Biosimilar Developers Have the Chance to Innovate With Device Design, Novartis Leader Says

Innovation is not always the first term that comes to mind with respect to biosimilars; after all, having no clinically relevant differences between products is at the heart of biosimilarity. However, as Sebastian Maag, device project leader for Novartis–Sandoz GmbH, told attendees during the second day of the SMi 10th Annual Biosimilars Conference, biosimilar developers have the opportunity to introduce innovations with the design of their devices for drug delivery.
Kelly Davio
September 26, 2019
Innovation is not always the first term that comes to mind with respect to biosimilars; after all, having no clinically relevant differences between products is at the heart of biosimilarity. However, as Sebastian Maag, device project leader for Novartis–Sandoz GmbH, told attendees during the second day of the SMi 10th Annual Biosimilars Conference, biosimilar developers have the opportunity to introduce innovations with the design of their devices for drug delivery.

Unlike other factors (such as price, additional data, or additional services) that differentiate biosimilars from both their reference products and from other competing biosimilars once products are already on the market, devices are a way to integrate value into the product itself, said Maag. Critically, devices can also have a significant impact on patients’ impressions of biosimilars. The device builds the relationship between the patient and the drug and can communicate quality and to the patient.

When it comes to formulation and container closure systems (CCS) for biosimilars, he said, there may be some reasons to consider mirroring the reference product rather than trying to improve upon it. First, creating a close copy of the reference drug’s formulation and CCS produces the lowest risk of changes to pharmacokinetics (PK) and stability, and apparently small differences, such as gamma-sterilization process, can impact protein stability.

Yet there also exist good reasons to innovate with regard to formulation and CCS, including the potential to allow for a more stable product with a longer shelf life, reduce injection-site pain for the patient, reduce the risk of allergic reaction by eliminating latex, or allow for fewer protein particles and impurities in the biosimilar product.

With respect to delivery devices themselves, copying the reference product’s device may require lower risk and effort during the development process, but as Maag pointed out, biosimilar developers must consider the intellectual property landscape for the innovator’s device. They should also consider the fact that reference products’ delivery devices may not represent the most up-to-date technology available, and therefore may not reflect the best patient experience possible.

Of course, the specter of meeting interchangeability guidelines for products in the United States may be a concern. For sponsors who hope to have a product designated interchangeable with its reference, questions may linger about how different a device may be from that of the innovator product while still earning the FDA’s approval as interchangeable.

While the FDA’s final guidance on demonstrating interchangeability indicates that “data and information supporting the appropriate use and performance testing of the delivery device constituent part of the proposed interchangeable product should be submitted,” in its 2017 draft guidance, the FDA indicated it would be appropriate to conduct a threshold analysis to identify differences in design between the biosimilar and its reference. In the likely case of some differences, developers were encouraged to evaluate the differences to see if they could impact appropriate use; comparative use human factor studies were also listed as potentially necessary to assess differences in use error rate. This guidance, said Maag, is challenging to implement, and the level of difficulty increases alongside the complexity of the delivery device.

While interchangeable products could, once approved, have certain commercial benefits, there are also arguable benefits to taking a purely innovative approach to device design.

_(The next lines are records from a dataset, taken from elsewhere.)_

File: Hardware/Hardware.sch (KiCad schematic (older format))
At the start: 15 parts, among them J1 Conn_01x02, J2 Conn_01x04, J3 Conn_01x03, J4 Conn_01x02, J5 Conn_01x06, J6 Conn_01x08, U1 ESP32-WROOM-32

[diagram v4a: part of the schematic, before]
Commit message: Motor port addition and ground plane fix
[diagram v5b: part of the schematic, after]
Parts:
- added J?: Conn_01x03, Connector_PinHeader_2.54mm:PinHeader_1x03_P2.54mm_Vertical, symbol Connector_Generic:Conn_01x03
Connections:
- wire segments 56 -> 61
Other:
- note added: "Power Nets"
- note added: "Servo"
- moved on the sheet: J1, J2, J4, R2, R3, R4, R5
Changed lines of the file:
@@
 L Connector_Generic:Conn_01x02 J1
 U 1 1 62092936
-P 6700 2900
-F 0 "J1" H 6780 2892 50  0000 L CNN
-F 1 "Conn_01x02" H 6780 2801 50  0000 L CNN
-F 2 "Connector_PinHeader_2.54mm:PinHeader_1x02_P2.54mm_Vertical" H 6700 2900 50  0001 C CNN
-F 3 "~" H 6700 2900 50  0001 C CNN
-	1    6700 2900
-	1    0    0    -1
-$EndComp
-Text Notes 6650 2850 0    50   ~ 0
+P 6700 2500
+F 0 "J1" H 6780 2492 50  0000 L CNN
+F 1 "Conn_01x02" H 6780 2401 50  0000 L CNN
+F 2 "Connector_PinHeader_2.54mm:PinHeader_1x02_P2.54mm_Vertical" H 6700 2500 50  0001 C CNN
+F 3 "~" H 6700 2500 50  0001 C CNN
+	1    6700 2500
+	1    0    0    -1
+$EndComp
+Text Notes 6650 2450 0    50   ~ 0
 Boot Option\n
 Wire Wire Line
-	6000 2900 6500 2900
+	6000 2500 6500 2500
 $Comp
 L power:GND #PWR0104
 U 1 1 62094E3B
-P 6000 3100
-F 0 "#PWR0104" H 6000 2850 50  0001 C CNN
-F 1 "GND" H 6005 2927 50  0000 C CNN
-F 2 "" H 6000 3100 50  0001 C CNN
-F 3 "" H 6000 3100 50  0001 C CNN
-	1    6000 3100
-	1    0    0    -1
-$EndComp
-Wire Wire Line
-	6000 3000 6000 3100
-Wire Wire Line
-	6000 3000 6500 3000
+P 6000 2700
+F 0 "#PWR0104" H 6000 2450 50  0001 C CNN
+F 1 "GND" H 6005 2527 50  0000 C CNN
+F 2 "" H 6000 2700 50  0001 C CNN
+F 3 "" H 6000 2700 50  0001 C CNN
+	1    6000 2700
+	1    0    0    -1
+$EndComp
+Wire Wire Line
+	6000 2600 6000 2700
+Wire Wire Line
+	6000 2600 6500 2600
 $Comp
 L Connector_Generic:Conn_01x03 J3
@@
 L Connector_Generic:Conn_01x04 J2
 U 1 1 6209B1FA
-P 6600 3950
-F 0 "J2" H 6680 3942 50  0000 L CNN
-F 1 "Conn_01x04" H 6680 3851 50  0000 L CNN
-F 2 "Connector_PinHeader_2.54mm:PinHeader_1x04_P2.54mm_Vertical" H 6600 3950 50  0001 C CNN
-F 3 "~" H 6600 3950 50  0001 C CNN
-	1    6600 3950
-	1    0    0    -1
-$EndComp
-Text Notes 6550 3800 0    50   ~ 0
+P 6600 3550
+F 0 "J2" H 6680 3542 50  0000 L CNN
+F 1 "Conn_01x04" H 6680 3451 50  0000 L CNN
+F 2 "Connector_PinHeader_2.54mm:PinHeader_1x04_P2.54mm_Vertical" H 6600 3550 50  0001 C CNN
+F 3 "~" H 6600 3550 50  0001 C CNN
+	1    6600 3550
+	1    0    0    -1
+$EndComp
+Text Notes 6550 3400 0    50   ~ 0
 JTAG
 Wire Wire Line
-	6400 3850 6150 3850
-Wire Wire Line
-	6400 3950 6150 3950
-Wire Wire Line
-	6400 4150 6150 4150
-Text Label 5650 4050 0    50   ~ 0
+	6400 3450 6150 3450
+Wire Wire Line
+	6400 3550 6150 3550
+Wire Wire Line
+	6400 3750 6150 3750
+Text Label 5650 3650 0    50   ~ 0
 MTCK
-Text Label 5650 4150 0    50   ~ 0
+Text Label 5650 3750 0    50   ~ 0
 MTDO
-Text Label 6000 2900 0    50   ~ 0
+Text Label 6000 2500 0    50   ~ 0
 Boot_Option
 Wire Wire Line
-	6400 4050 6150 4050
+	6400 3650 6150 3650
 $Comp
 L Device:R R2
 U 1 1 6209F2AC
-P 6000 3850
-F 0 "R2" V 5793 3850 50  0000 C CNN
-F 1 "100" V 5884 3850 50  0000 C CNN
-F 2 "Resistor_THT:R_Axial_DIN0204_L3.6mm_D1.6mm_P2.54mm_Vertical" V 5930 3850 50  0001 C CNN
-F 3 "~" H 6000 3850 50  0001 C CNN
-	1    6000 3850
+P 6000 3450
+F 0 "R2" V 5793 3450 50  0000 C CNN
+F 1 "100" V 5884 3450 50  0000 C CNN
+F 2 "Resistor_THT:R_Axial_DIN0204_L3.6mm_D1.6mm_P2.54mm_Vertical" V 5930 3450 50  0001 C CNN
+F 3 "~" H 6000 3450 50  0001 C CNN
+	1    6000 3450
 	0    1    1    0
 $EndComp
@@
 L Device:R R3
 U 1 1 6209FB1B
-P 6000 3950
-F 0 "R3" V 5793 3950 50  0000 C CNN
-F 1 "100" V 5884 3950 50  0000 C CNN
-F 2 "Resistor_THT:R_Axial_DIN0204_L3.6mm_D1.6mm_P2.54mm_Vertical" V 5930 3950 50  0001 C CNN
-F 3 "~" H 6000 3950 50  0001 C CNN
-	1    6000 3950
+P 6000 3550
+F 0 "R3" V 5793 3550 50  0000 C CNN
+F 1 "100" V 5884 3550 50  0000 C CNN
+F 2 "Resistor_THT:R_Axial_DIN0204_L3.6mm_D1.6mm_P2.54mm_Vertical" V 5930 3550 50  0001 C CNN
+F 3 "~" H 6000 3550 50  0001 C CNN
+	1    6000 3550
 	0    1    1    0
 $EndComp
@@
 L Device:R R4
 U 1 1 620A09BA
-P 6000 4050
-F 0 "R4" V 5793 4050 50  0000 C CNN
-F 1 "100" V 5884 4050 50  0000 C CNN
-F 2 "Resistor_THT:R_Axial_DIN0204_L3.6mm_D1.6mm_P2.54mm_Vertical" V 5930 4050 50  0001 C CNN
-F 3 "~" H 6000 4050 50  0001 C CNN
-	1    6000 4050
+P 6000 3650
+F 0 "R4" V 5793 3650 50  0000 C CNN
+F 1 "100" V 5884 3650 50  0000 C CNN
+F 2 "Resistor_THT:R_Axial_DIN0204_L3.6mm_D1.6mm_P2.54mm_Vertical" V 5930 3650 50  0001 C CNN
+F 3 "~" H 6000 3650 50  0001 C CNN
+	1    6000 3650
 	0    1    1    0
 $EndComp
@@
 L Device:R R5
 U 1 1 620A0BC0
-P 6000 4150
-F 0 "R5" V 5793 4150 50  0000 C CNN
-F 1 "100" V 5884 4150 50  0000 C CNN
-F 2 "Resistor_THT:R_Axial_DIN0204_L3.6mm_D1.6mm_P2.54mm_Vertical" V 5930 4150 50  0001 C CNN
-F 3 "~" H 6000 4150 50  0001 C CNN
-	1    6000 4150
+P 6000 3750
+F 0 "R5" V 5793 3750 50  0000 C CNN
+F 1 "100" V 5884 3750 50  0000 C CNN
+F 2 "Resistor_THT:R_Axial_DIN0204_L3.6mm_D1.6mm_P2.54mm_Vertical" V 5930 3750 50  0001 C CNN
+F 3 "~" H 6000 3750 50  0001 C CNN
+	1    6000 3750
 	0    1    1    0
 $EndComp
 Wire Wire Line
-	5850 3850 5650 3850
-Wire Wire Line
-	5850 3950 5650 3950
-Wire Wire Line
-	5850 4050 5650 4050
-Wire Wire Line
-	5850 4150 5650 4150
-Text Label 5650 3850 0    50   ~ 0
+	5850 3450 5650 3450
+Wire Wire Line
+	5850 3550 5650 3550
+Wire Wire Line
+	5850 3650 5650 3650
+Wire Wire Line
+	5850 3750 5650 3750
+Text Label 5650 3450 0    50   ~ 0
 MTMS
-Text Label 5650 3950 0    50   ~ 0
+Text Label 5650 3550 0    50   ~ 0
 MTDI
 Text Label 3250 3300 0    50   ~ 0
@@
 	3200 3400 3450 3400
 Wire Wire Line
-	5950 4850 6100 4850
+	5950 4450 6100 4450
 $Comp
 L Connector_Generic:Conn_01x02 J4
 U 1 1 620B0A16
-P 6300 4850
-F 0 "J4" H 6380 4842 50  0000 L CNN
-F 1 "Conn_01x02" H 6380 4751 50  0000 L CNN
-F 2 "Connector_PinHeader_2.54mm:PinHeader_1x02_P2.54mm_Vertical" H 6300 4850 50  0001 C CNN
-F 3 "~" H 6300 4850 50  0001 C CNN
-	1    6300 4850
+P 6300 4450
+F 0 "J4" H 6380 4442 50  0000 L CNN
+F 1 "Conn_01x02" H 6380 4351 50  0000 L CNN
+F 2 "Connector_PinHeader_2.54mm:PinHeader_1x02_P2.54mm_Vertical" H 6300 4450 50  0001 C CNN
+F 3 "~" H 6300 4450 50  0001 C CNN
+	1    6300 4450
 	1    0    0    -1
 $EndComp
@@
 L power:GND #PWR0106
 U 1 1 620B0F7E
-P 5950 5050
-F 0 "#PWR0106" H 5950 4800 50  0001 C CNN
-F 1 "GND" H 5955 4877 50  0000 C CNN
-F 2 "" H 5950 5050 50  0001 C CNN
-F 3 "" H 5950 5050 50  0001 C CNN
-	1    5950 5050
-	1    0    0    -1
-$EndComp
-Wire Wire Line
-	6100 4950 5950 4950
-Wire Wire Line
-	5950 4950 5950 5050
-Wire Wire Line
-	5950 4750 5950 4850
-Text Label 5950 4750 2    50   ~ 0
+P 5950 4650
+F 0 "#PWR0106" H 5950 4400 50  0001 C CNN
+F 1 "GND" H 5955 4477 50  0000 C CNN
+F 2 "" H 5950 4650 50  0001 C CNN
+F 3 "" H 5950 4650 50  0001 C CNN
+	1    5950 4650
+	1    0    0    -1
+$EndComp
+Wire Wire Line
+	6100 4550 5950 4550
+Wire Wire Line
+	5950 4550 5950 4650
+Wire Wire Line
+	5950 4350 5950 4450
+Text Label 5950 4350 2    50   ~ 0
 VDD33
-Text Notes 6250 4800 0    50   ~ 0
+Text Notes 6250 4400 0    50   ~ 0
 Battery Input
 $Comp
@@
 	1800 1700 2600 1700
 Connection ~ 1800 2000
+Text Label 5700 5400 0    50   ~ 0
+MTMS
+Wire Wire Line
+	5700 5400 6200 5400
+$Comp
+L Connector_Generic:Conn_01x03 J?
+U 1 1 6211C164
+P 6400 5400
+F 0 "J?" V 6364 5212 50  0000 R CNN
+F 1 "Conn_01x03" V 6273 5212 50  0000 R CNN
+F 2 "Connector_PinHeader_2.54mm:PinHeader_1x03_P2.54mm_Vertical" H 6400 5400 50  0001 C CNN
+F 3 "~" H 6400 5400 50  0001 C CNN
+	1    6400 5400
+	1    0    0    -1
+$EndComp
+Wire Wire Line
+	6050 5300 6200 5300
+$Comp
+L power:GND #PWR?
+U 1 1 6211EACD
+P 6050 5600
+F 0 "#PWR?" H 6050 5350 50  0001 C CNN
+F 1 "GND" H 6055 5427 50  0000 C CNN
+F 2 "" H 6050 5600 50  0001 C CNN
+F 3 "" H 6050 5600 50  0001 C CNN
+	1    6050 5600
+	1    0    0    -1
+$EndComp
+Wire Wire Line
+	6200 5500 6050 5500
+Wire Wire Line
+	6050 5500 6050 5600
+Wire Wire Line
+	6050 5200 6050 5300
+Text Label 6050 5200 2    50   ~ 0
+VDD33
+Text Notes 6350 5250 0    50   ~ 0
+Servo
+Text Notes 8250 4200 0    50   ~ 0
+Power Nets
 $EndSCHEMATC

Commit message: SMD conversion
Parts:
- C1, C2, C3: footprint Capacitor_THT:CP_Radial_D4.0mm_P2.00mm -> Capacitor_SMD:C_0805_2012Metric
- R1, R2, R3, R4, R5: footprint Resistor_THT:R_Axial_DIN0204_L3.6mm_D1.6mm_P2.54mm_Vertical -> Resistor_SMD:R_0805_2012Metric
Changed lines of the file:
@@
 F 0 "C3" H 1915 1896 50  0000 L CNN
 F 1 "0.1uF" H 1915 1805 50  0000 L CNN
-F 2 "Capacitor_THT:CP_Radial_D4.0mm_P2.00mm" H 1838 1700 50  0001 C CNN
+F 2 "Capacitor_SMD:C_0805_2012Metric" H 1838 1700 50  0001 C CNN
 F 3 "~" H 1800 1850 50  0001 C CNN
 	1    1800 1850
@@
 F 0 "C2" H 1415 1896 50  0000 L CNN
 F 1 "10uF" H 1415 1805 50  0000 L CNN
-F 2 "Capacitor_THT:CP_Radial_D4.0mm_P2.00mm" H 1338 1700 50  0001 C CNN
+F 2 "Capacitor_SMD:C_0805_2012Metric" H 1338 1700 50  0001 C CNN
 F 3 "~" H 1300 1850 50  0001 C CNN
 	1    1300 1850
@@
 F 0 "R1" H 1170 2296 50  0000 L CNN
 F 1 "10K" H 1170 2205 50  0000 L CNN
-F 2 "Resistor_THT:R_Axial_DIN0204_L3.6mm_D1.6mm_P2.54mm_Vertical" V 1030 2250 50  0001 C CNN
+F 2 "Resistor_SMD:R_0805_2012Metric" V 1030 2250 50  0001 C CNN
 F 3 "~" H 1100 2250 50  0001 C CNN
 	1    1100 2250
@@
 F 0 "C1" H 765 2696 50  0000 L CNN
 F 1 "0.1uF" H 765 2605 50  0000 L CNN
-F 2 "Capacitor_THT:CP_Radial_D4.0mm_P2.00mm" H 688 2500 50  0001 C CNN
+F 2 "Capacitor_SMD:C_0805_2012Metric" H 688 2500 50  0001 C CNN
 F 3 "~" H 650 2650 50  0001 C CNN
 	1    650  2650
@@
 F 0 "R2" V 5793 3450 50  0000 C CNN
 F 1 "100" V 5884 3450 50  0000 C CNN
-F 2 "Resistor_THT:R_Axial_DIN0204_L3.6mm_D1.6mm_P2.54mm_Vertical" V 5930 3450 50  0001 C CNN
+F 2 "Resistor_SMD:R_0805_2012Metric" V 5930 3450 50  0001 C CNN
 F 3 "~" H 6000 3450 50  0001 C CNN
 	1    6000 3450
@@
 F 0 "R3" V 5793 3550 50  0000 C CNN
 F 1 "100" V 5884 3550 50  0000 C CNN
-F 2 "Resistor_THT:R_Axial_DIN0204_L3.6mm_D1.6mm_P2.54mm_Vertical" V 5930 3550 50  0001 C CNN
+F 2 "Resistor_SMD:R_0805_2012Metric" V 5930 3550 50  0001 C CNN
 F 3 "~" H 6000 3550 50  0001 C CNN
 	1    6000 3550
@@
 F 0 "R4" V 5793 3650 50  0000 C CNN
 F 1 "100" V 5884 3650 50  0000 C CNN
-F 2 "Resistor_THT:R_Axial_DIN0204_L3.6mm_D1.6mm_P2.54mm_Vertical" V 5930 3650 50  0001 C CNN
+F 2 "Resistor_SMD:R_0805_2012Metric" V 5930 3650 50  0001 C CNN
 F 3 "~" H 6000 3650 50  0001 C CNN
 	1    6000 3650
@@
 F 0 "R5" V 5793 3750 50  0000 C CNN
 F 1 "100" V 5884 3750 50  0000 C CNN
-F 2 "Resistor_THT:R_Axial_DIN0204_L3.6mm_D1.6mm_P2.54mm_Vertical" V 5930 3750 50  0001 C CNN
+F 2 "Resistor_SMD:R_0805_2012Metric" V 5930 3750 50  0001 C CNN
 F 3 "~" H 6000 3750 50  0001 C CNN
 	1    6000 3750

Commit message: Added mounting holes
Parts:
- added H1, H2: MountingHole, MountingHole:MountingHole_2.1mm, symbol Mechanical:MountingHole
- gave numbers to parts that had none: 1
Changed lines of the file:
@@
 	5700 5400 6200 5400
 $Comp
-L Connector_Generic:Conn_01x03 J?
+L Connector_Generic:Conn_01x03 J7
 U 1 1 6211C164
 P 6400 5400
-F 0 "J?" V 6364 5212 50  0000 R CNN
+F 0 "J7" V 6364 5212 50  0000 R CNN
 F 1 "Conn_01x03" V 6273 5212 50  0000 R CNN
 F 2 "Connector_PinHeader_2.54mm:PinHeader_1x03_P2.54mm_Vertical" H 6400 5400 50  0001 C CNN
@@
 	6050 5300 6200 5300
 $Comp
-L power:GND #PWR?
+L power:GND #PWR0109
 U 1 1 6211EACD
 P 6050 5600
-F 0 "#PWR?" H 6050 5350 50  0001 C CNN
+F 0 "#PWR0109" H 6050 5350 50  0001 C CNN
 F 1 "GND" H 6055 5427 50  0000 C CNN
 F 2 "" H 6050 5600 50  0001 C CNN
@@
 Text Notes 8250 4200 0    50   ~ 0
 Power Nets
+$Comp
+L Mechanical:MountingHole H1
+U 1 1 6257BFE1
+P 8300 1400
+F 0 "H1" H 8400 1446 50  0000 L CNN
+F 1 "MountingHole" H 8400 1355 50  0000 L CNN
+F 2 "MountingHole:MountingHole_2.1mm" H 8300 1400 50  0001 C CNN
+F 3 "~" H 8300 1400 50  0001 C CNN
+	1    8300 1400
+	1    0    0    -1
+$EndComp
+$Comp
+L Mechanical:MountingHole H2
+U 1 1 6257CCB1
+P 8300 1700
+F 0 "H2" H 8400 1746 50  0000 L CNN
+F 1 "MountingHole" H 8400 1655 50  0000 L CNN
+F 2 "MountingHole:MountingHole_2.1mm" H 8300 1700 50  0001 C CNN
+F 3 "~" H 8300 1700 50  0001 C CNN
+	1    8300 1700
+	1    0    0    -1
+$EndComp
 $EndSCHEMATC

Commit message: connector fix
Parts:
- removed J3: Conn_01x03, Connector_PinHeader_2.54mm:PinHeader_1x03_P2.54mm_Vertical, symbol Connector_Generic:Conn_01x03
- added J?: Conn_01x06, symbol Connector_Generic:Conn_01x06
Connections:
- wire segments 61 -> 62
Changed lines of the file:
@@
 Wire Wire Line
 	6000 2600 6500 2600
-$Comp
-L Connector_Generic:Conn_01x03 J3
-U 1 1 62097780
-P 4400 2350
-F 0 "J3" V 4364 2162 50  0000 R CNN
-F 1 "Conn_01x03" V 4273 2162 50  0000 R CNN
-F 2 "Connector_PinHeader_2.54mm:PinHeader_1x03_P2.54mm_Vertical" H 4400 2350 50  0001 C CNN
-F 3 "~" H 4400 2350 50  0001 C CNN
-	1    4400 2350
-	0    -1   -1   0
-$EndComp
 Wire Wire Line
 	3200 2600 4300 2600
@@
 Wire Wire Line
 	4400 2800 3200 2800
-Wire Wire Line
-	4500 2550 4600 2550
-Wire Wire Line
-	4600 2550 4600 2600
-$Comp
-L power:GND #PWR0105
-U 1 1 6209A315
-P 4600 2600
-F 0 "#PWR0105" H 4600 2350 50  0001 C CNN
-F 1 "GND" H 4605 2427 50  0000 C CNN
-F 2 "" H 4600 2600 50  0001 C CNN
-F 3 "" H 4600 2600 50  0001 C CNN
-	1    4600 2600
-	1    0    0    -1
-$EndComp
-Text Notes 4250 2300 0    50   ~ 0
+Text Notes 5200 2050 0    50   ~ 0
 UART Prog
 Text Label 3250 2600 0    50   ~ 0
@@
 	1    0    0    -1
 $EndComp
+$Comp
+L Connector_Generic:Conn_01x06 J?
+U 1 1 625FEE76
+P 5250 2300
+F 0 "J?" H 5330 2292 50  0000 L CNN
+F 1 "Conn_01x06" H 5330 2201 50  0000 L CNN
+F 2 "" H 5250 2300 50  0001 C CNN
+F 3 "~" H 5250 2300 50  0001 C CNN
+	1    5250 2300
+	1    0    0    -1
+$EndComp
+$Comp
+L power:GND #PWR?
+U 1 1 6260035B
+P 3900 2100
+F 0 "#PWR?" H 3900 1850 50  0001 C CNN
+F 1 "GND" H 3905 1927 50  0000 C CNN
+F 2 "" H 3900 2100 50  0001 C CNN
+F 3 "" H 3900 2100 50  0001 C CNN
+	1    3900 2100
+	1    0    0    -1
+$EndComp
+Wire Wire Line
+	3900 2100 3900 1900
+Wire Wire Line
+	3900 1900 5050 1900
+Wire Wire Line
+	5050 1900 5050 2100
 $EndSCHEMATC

Maag pointed to a 2018 study of European patients’ and nurses’ preferences with respect to autoinjector devices as one example of this fact.1 The study revealed that patients felt that ease of performing self-injection, ease of grip, and a convenient start to the injection process were extremely important, and in a forced-choice question, 89% of patients said they would recommend a biosimilar’s autoinjector device to other patients over the innovator’s device after having used both options.

This study highlights the opportunities to improve patient experience, suggested Maag, who also alluded to other opportunities to enhance product designs. Reusables could potentially lower costs and provide greater sustainability, connected devices could help with patient adherence, choice of injection speed and depth could allow for greater patient convenience, dose adjustability could allow for bodyweight dosing, and customized dosing syringes could provide greater dose accuracy, he said. The often-neglected area of secondary packaging is also ripe for innovations, such as the exclusion of latex, the provision of easy-open packs, and the use of sustainable materials.

Above all, biosimilar makers should be thinking carefully about their device designs early on, said Maag, rather than close to launch. Creating a complex device to deliver a biosimilar can be “easily 5 to 10 years in the making.”

Reference
1. Tischer B, Mehl A. Patients’ and nurses preferences for autoinjectors for rheumatoid arthritis: results of a European survey. Patient Prefer Adherence. 2018;2(12):1413-1424. doi: 10.2147/PPA.S169339.